== ASSIGNED TASK ==
Each line of the data below holding the word "mechanical" must be copied.

Collected data entries
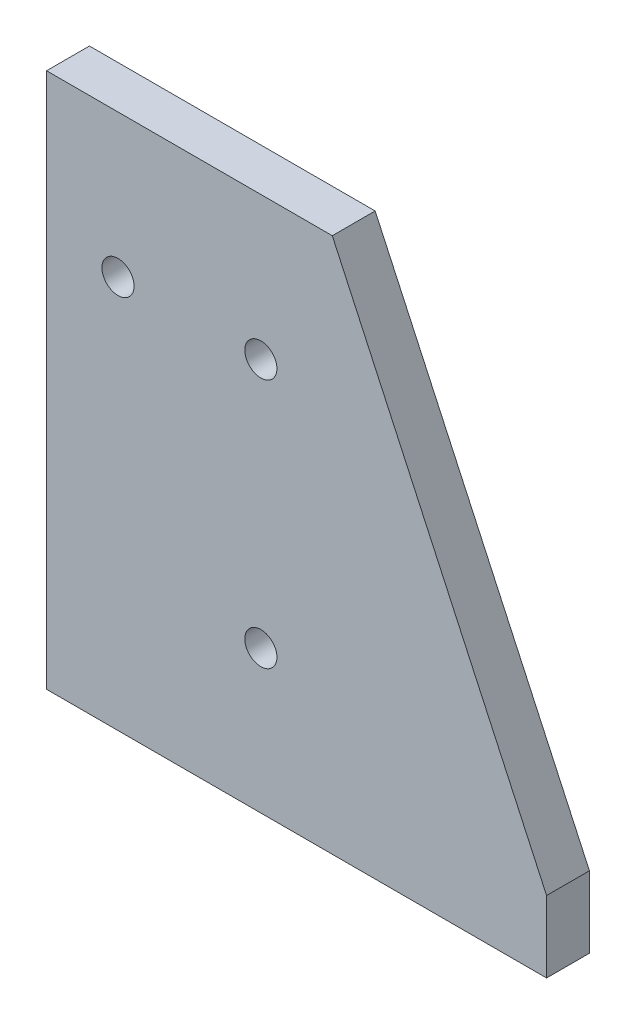
ISO-10303-21;
HEADER;
FILE_DESCRIPTION(('STEP AP214'),'2;1');
FILE_NAME('part.step','',(''),(''),'','','');
FILE_SCHEMA(('AUTOMOTIVE_DESIGN { 1 0 10303 214 1 1 1 1 }'));
ENDSEC;
DATA;
#1=APPLICATION_CONTEXT('core data for automotive mechanical design processes');
#2=APPLICATION_PROTOCOL_DEFINITION('international standard','automotive_design',2000,#1);
#3=PRODUCT_CONTEXT('',#1,'mechanical');
#4=PRODUCT('Part','Part','',(#3));
#5=PRODUCT_RELATED_PRODUCT_CATEGORY('part','',(#4));
#6=PRODUCT_DEFINITION_FORMATION('','',#4);
#7=PRODUCT_DEFINITION_CONTEXT('part definition',#1,'design');
#8=PRODUCT_DEFINITION('design','',#6,#7);
#9=PRODUCT_DEFINITION_SHAPE('','',#8);
#10=(LENGTH_UNIT() NAMED_UNIT(*) SI_UNIT(.MILLI.,.METRE.));
#11=(NAMED_UNIT(*) PLANE_ANGLE_UNIT() SI_UNIT($,.RADIAN.));
#12=(NAMED_UNIT(*) SI_UNIT($,.STERADIAN.) SOLID_ANGLE_UNIT());
#13=UNCERTAINTY_MEASURE_WITH_UNIT(LENGTH_MEASURE(1.E-05),#10,'distance_accuracy_value','');
#14=(GEOMETRIC_REPRESENTATION_CONTEXT(3) GLOBAL_UNCERTAINTY_ASSIGNED_CONTEXT((#13)) GLOBAL_UNIT_ASSIGNED_CONTEXT((#10,
#11,#12)) REPRESENTATION_CONTEXT('',''));
#15=CARTESIAN_POINT('',(0.,0.,0.));
#16=DIRECTION('',(0.,0.,1.));
#17=DIRECTION('',(1.,0.,0.));
#18=AXIS2_PLACEMENT_3D('',#15,#16,#17);
#19=CARTESIAN_POINT('',(0.,150.,12.));
#20=DIRECTION('',(1.,0.,0.));
#21=DIRECTION('',(0.,0.,-1.));
#22=AXIS2_PLACEMENT_3D('',#19,#20,#21);
#23=PLANE('',#22);
#24=DIRECTION('',(0.,-1.,0.));
#25=VECTOR('',#24,1.);
#26=CARTESIAN_POINT('',(0.,150.,0.));
#27=LINE('',#26,#25);
#28=CARTESIAN_POINT('',(0.,150.,0.));
#29=VERTEX_POINT('',#28);
#30=CARTESIAN_POINT('',(0.,0.,0.));
#31=VERTEX_POINT('',#30);
#32=EDGE_CURVE('E123',#29,#31,#27,.T.);
#33=ORIENTED_EDGE('',*,*,#32,.T.);
#34=DIRECTION('',(0.,0.,-1.));
#35=VECTOR('',#34,1.);
#36=CARTESIAN_POINT('',(0.,0.,12.));
#37=LINE('',#36,#35);
#38=CARTESIAN_POINT('',(0.,0.,12.));
#39=VERTEX_POINT('',#38);
#40=EDGE_CURVE('E11',#39,#31,#37,.T.);
#41=ORIENTED_EDGE('',*,*,#40,.F.);
#42=DIRECTION('',(0.,-1.,0.));
#43=VECTOR('',#42,1.);
#44=CARTESIAN_POINT('',(0.,150.,12.));
#45=LINE('',#44,#43);
#46=CARTESIAN_POINT('',(0.,150.,12.));
#47=VERTEX_POINT('',#46);
#48=EDGE_CURVE('E136',#47,#39,#45,.T.);
#49=ORIENTED_EDGE('',*,*,#48,.F.);
#50=DIRECTION('',(0.,0.,-1.));
#51=VECTOR('',#50,1.);
#52=CARTESIAN_POINT('',(0.,150.,12.));
#53=LINE('',#52,#51);
#54=EDGE_CURVE('E119',#47,#29,#53,.T.);
#55=ORIENTED_EDGE('',*,*,#54,.T.);
#56=EDGE_LOOP('',(#33,#41,#49,#55));
#57=FACE_BOUND('',#56,.T.);
#58=ADVANCED_FACE('F41',(#57),#23,.F.);
#59=CARTESIAN_POINT('',(0.,0.,12.));
#60=DIRECTION('',(0.,1.,0.));
#61=DIRECTION('',(0.,0.,1.));
#62=AXIS2_PLACEMENT_3D('',#59,#60,#61);
#63=PLANE('',#62);
#64=CARTESIAN_POINT('',(100.,0.,6.));
#65=DIRECTION('',(0.,1.,0.));
#66=DIRECTION('',(0.,0.,1.));
#67=AXIS2_PLACEMENT_3D('',#64,#65,#66);
#68=CIRCLE('',#67,2.5);
#69=CARTESIAN_POINT('',(100.,0.,8.5));
#70=VERTEX_POINT('',#69);
#71=EDGE_CURVE('E287',#70,#70,#68,.T.);
#72=ORIENTED_EDGE('',*,*,#71,.T.);
#73=EDGE_LOOP('',(#72));
#74=FACE_BOUND('',#73,.T.);
#75=CARTESIAN_POINT('',(125.,0.,6.));
#76=DIRECTION('',(0.,1.,0.));
#77=DIRECTION('',(0.,0.,1.));
#78=AXIS2_PLACEMENT_3D('',#75,#76,#77);
#79=CIRCLE('',#78,2.5);
#80=CARTESIAN_POINT('',(125.,0.,8.5));
#81=VERTEX_POINT('',#80);
#82=EDGE_CURVE('E296',#81,#81,#79,.T.);
#83=ORIENTED_EDGE('',*,*,#82,.T.);
#84=EDGE_LOOP('',(#83));
#85=FACE_BOUND('',#84,.T.);
#86=DIRECTION('',(1.,0.,0.));
#87=VECTOR('',#86,1.);
#88=CARTESIAN_POINT('',(0.,0.,0.));
#89=LINE('',#88,#87);
#90=CARTESIAN_POINT('',(140.,0.,0.));
#91=VERTEX_POINT('',#90);
#92=EDGE_CURVE('E127',#31,#91,#89,.T.);
#93=ORIENTED_EDGE('',*,*,#92,.T.);
#94=DIRECTION('',(0.,0.,-1.));
#95=VECTOR('',#94,1.);
#96=CARTESIAN_POINT('',(140.,0.,12.));
#97=LINE('',#96,#95);
#98=CARTESIAN_POINT('',(140.,0.,12.));
#99=VERTEX_POINT('',#98);
#100=EDGE_CURVE('E51',#99,#91,#97,.T.);
#101=ORIENTED_EDGE('',*,*,#100,.F.);
#102=DIRECTION('',(1.,0.,0.));
#103=VECTOR('',#102,1.);
#104=CARTESIAN_POINT('',(0.,0.,12.));
#105=LINE('',#104,#103);
#106=EDGE_CURVE('E94',#39,#99,#105,.T.);
#107=ORIENTED_EDGE('',*,*,#106,.F.);
#108=ORIENTED_EDGE('',*,*,#40,.T.);
#109=EDGE_LOOP('',(#93,#101,#107,#108));
#110=FACE_BOUND('',#109,.T.);
#111=ADVANCED_FACE('F180',(#74,#85,#110),#63,.F.);
#112=CARTESIAN_POINT('',(140.,0.,12.));
#113=DIRECTION('',(-1.,0.,0.));
#114=DIRECTION('',(0.,0.,1.));
#115=AXIS2_PLACEMENT_3D('',#112,#113,#114);
#116=PLANE('',#115);
#117=DIRECTION('',(0.,1.,0.));
#118=VECTOR('',#117,1.);
#119=CARTESIAN_POINT('',(140.,0.,0.));
#120=LINE('',#119,#118);
#121=CARTESIAN_POINT('',(140.,20.,0.));
#122=VERTEX_POINT('',#121);
#123=EDGE_CURVE('E110',#91,#122,#120,.T.);
#124=ORIENTED_EDGE('',*,*,#123,.T.);
#125=DIRECTION('',(0.,0.,-1.));
#126=VECTOR('',#125,1.);
#127=CARTESIAN_POINT('',(140.,20.,12.));
#128=LINE('',#127,#126);
#129=CARTESIAN_POINT('',(140.,20.,12.));
#130=VERTEX_POINT('',#129);
#131=EDGE_CURVE('E107',#130,#122,#128,.T.);
#132=ORIENTED_EDGE('',*,*,#131,.F.);
#133=DIRECTION('',(0.,1.,0.));
#134=VECTOR('',#133,1.);
#135=CARTESIAN_POINT('',(140.,0.,12.));
#136=LINE('',#135,#134);
#137=EDGE_CURVE('E98',#99,#130,#136,.T.);
#138=ORIENTED_EDGE('',*,*,#137,.F.);
#139=ORIENTED_EDGE('',*,*,#100,.T.);
#140=EDGE_LOOP('',(#124,#132,#138,#139));
#141=FACE_BOUND('',#140,.T.);
#142=ADVANCED_FACE('F108',(#141),#116,.F.);
#143=CARTESIAN_POINT('',(140.,20.,12.));
#144=DIRECTION('',(-0.907959384500452,-0.419058177461747,0.));
#145=DIRECTION('',(0.419058177461747,-0.907959384500452,0.));
#146=AXIS2_PLACEMENT_3D('',#143,#144,#145);
#147=PLANE('',#146);
#148=DIRECTION('',(-0.419058177461747,0.907959384500452,0.));
#149=VECTOR('',#148,1.);
#150=CARTESIAN_POINT('',(140.,20.,0.));
#151=LINE('',#150,#149);
#152=CARTESIAN_POINT('',(80.,150.,0.));
#153=VERTEX_POINT('',#152);
#154=EDGE_CURVE('E80',#122,#153,#151,.T.);
#155=ORIENTED_EDGE('',*,*,#154,.T.);
#156=DIRECTION('',(0.,0.,-1.));
#157=VECTOR('',#156,1.);
#158=CARTESIAN_POINT('',(80.,150.,12.));
#159=LINE('',#158,#157);
#160=CARTESIAN_POINT('',(80.,150.,12.));
#161=VERTEX_POINT('',#160);
#162=EDGE_CURVE('E112',#161,#153,#159,.T.);
#163=ORIENTED_EDGE('',*,*,#162,.F.);
#164=DIRECTION('',(-0.419058177461747,0.907959384500452,0.));
#165=VECTOR('',#164,1.);
#166=CARTESIAN_POINT('',(140.,20.,12.));
#167=LINE('',#166,#165);
#168=EDGE_CURVE('E102',#130,#161,#167,.T.);
#169=ORIENTED_EDGE('',*,*,#168,.F.);
#170=ORIENTED_EDGE('',*,*,#131,.T.);
#171=EDGE_LOOP('',(#155,#163,#169,#170));
#172=FACE_BOUND('',#171,.T.);
#173=ADVANCED_FACE('F114',(#172),#147,.F.);
#174=CARTESIAN_POINT('',(80.,150.,12.));
#175=DIRECTION('',(0.,-1.,0.));
#176=DIRECTION('',(0.,0.,-1.));
#177=AXIS2_PLACEMENT_3D('',#174,#175,#176);
#178=PLANE('',#177);
#179=DIRECTION('',(-1.,0.,0.));
#180=VECTOR('',#179,1.);
#181=CARTESIAN_POINT('',(80.,150.,0.));
#182=LINE('',#181,#180);
#183=EDGE_CURVE('E86',#153,#29,#182,.T.);
#184=ORIENTED_EDGE('',*,*,#183,.T.);
#185=ORIENTED_EDGE('',*,*,#54,.F.);
#186=DIRECTION('',(-1.,0.,0.));
#187=VECTOR('',#186,1.);
#188=CARTESIAN_POINT('',(80.,150.,12.));
#189=LINE('',#188,#187);
#190=EDGE_CURVE('E60',#161,#47,#189,.T.);
#191=ORIENTED_EDGE('',*,*,#190,.F.);
#192=ORIENTED_EDGE('',*,*,#162,.T.);
#193=EDGE_LOOP('',(#184,#185,#191,#192));
#194=FACE_BOUND('',#193,.T.);
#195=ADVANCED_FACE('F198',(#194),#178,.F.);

== OUTPUT OF THE EXERCISE ==
#1=APPLICATION_CONTEXT('core data for automotive mechanical design processes');
#3=PRODUCT_CONTEXT('',#1,'mechanical');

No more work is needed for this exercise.